Source records

====

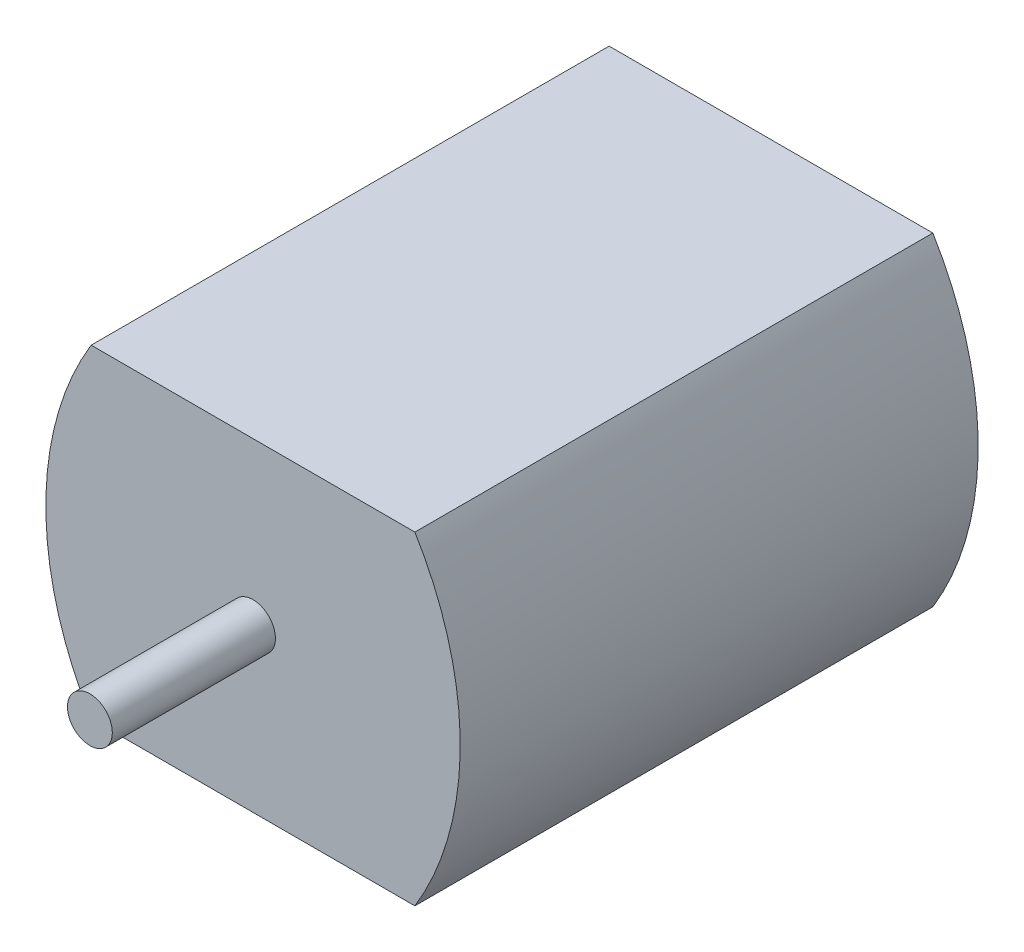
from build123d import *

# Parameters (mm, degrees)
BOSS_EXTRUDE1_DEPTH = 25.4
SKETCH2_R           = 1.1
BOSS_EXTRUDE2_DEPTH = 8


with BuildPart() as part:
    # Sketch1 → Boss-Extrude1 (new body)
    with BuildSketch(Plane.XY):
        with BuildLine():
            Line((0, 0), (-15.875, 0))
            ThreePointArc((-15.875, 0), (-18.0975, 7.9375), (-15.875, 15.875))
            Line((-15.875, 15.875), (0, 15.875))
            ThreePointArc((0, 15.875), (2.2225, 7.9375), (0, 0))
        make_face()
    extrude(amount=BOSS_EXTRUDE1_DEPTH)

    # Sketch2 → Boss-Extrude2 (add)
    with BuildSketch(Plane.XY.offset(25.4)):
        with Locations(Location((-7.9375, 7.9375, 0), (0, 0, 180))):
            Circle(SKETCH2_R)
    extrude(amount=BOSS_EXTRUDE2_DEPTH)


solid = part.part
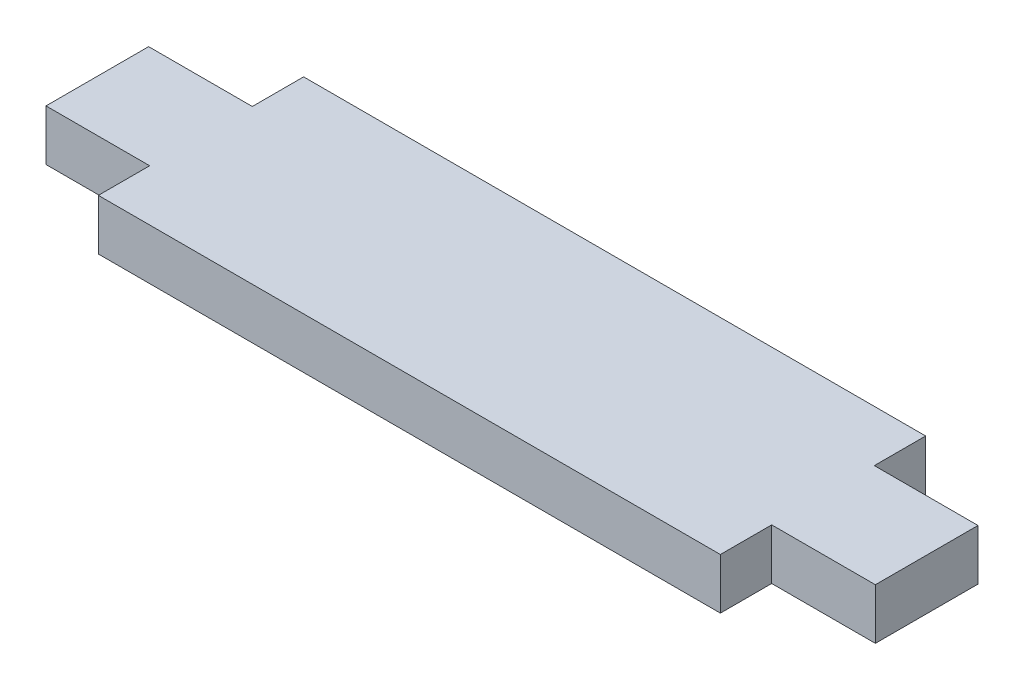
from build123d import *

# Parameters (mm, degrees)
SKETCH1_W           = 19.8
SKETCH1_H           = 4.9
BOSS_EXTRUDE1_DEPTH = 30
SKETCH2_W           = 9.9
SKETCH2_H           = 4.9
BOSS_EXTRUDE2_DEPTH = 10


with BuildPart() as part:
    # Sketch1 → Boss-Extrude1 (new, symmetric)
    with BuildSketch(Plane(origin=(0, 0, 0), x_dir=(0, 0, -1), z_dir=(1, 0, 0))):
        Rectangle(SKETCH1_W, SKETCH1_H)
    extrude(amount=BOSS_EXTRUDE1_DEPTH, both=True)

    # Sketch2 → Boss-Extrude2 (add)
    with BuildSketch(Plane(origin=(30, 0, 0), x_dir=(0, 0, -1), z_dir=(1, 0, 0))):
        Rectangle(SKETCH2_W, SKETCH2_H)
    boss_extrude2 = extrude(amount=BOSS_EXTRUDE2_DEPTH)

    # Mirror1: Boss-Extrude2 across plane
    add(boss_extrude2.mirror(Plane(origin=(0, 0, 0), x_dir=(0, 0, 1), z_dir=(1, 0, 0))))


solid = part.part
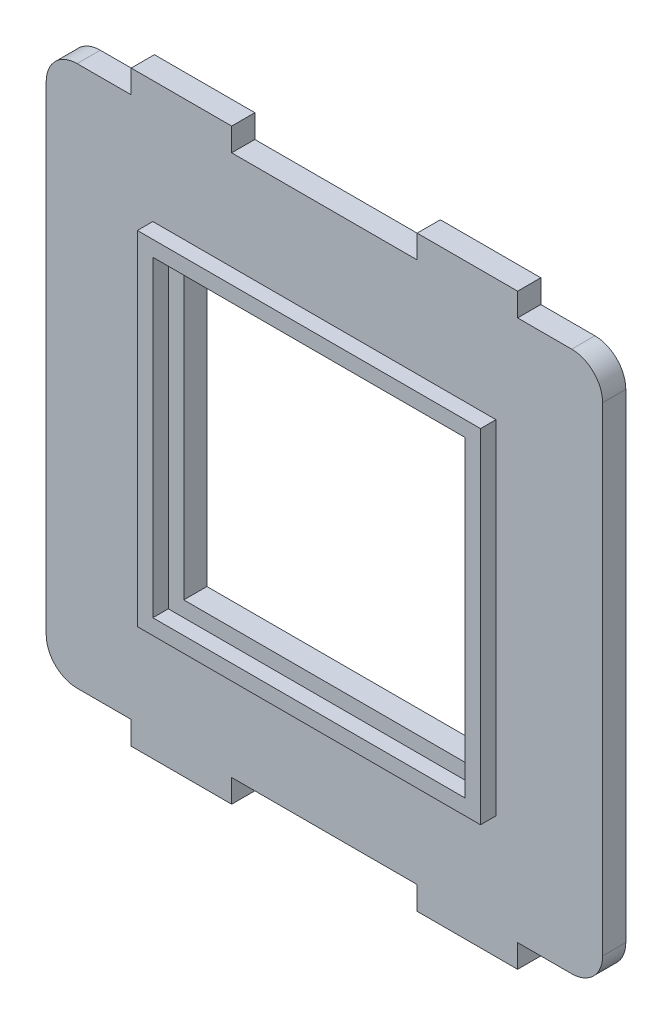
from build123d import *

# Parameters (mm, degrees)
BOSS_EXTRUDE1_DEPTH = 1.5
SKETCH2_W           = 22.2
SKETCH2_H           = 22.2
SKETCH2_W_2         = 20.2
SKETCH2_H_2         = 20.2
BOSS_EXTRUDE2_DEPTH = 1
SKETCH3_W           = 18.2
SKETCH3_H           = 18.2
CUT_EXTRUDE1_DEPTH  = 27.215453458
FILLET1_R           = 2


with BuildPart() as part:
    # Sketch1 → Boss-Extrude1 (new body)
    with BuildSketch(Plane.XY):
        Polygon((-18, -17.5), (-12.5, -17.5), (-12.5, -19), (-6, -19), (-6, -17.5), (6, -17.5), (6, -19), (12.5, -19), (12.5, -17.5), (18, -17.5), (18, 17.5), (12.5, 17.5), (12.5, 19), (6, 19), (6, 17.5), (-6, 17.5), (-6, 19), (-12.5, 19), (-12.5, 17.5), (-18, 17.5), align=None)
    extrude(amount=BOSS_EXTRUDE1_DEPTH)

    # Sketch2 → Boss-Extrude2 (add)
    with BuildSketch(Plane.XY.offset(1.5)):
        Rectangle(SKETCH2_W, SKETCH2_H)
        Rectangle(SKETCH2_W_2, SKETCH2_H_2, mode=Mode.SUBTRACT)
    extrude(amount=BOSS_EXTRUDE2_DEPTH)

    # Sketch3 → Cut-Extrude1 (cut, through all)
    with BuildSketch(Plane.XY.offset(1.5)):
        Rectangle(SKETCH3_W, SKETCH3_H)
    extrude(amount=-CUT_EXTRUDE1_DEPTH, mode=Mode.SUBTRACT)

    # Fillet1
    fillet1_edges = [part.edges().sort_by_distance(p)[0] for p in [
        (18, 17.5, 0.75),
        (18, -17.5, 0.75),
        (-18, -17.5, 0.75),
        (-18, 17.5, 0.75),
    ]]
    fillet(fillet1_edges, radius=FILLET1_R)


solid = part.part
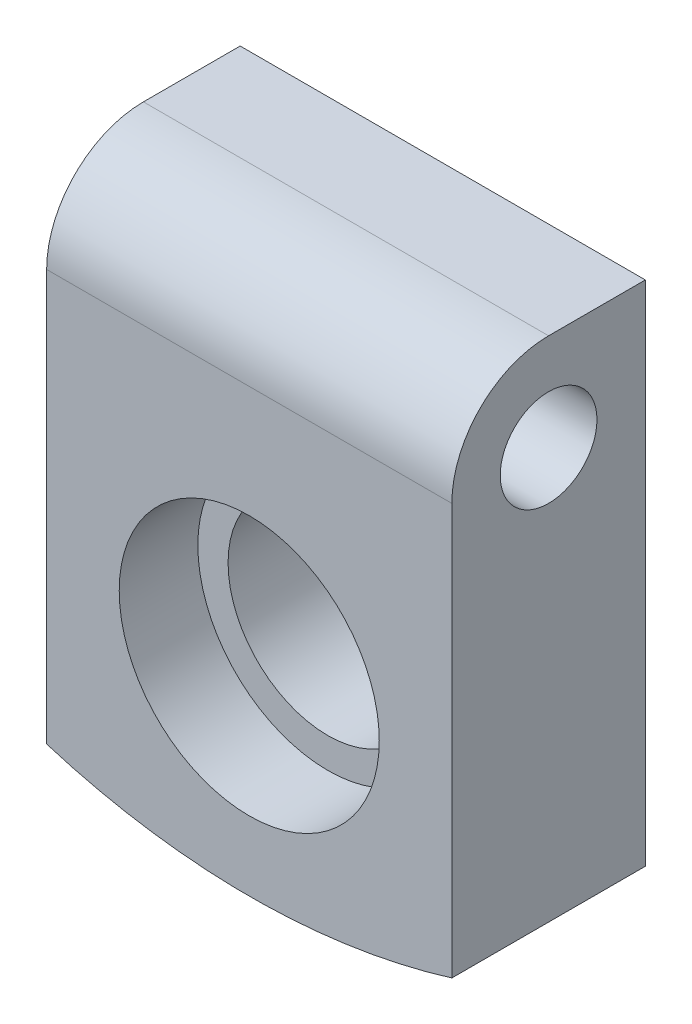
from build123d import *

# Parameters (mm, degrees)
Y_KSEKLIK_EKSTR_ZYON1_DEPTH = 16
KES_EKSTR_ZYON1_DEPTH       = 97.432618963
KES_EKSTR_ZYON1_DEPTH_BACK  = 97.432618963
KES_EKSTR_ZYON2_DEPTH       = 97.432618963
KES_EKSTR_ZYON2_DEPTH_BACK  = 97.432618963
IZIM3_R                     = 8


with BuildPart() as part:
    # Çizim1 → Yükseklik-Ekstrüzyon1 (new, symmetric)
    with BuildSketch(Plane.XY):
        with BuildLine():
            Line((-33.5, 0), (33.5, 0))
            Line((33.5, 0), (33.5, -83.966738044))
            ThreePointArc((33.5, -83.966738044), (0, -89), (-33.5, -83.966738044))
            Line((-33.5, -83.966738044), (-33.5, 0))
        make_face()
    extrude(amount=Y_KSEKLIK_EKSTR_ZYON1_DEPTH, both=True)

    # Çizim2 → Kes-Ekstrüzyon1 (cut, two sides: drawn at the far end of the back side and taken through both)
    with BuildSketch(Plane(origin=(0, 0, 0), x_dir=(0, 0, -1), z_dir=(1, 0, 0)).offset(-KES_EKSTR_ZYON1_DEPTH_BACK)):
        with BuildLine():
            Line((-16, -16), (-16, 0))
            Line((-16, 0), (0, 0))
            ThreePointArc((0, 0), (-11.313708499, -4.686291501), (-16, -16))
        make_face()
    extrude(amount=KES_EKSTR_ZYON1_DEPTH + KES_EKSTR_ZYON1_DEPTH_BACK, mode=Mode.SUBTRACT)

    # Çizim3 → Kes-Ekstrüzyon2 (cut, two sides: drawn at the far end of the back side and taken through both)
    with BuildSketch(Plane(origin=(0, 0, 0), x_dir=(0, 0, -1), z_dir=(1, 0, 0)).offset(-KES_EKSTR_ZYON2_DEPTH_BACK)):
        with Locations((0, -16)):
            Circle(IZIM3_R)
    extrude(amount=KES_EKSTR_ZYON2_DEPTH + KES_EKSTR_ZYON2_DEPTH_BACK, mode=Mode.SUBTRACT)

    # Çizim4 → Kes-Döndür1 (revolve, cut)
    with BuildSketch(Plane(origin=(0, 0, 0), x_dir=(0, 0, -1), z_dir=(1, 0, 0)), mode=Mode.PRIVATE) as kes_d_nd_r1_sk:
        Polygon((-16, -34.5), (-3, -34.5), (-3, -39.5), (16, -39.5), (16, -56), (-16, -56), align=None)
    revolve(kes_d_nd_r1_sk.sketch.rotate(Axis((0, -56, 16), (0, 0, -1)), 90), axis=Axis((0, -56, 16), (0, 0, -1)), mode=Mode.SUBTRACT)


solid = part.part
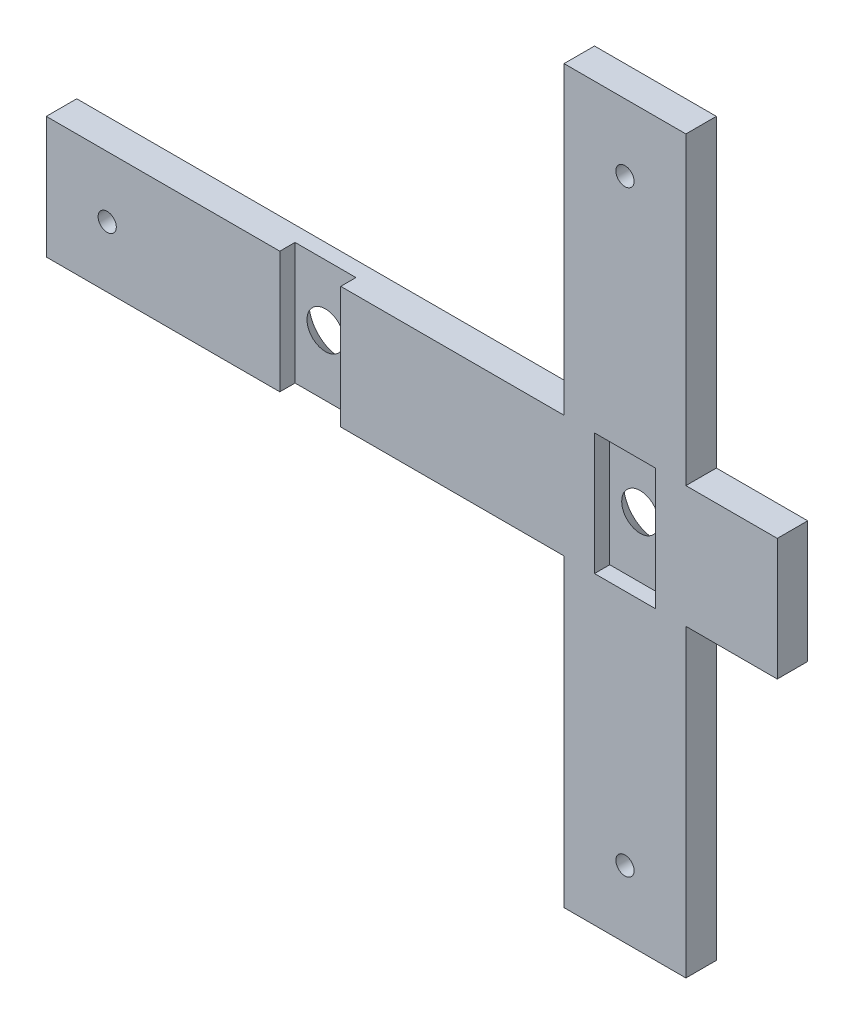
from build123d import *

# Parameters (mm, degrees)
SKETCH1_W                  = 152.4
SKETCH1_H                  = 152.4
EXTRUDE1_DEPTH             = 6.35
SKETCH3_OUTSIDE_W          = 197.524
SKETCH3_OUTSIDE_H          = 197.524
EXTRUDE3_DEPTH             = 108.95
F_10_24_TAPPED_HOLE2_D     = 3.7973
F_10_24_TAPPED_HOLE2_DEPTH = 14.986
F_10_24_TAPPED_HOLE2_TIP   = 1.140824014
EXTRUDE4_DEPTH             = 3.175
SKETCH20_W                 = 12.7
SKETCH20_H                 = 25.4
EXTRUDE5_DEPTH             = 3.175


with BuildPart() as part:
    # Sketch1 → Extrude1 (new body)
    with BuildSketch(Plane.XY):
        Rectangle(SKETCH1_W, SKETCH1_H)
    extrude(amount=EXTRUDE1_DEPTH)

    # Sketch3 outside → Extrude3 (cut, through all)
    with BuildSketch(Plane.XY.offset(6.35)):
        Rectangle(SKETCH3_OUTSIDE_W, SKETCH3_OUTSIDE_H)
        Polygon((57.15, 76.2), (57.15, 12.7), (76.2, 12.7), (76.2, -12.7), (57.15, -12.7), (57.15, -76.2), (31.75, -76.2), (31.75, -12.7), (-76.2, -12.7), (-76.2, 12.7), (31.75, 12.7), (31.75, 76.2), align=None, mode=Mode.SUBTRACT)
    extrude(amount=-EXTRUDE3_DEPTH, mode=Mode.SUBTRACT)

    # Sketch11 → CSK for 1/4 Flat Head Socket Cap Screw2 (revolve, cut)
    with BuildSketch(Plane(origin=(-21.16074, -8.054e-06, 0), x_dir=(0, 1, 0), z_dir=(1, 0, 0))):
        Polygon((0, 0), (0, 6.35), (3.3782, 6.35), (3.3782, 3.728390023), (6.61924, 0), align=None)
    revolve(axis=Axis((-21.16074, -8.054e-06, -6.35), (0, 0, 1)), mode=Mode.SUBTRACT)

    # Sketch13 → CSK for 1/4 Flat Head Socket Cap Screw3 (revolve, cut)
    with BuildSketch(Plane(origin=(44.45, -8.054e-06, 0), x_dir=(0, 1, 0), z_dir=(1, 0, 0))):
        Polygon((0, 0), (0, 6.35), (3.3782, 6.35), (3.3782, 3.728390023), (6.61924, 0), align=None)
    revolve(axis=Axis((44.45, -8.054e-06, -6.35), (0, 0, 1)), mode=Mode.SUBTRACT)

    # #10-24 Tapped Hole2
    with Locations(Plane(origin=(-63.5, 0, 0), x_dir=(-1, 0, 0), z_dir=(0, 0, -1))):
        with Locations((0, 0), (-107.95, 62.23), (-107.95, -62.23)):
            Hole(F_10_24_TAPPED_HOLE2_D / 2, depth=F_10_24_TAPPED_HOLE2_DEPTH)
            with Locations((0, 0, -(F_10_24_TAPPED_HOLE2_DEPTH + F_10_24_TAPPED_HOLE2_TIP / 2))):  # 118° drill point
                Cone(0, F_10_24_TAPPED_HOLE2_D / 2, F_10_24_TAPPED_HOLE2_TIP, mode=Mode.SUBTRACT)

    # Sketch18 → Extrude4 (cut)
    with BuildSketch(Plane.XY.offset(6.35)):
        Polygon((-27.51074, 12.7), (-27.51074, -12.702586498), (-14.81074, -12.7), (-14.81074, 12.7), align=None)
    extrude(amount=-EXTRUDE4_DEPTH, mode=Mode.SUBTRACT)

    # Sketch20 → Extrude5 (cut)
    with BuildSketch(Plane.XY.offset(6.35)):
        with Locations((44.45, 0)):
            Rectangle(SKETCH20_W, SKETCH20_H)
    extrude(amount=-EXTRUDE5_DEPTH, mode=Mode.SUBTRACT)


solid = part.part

====

» **The task**:
Select all lines with the word "Axis" from the entries above.

» **Result**:
    revolve(kes_d_nd_r1_sk.sketch.rotate(Axis((0, -56, 16), (0, 0, -1)), 90), axis=Axis((0, -56, 16), (0, 0, -1)), mode=Mode.SUBTRACT)
    revolve(axis=Axis((-21.16074, -8.054e-06, -6.35), (0, 0, 1)), mode=Mode.SUBTRACT)
    revolve(axis=Axis((44.45, -8.054e-06, -6.35), (0, 0, 1)), mode=Mode.SUBTRACT)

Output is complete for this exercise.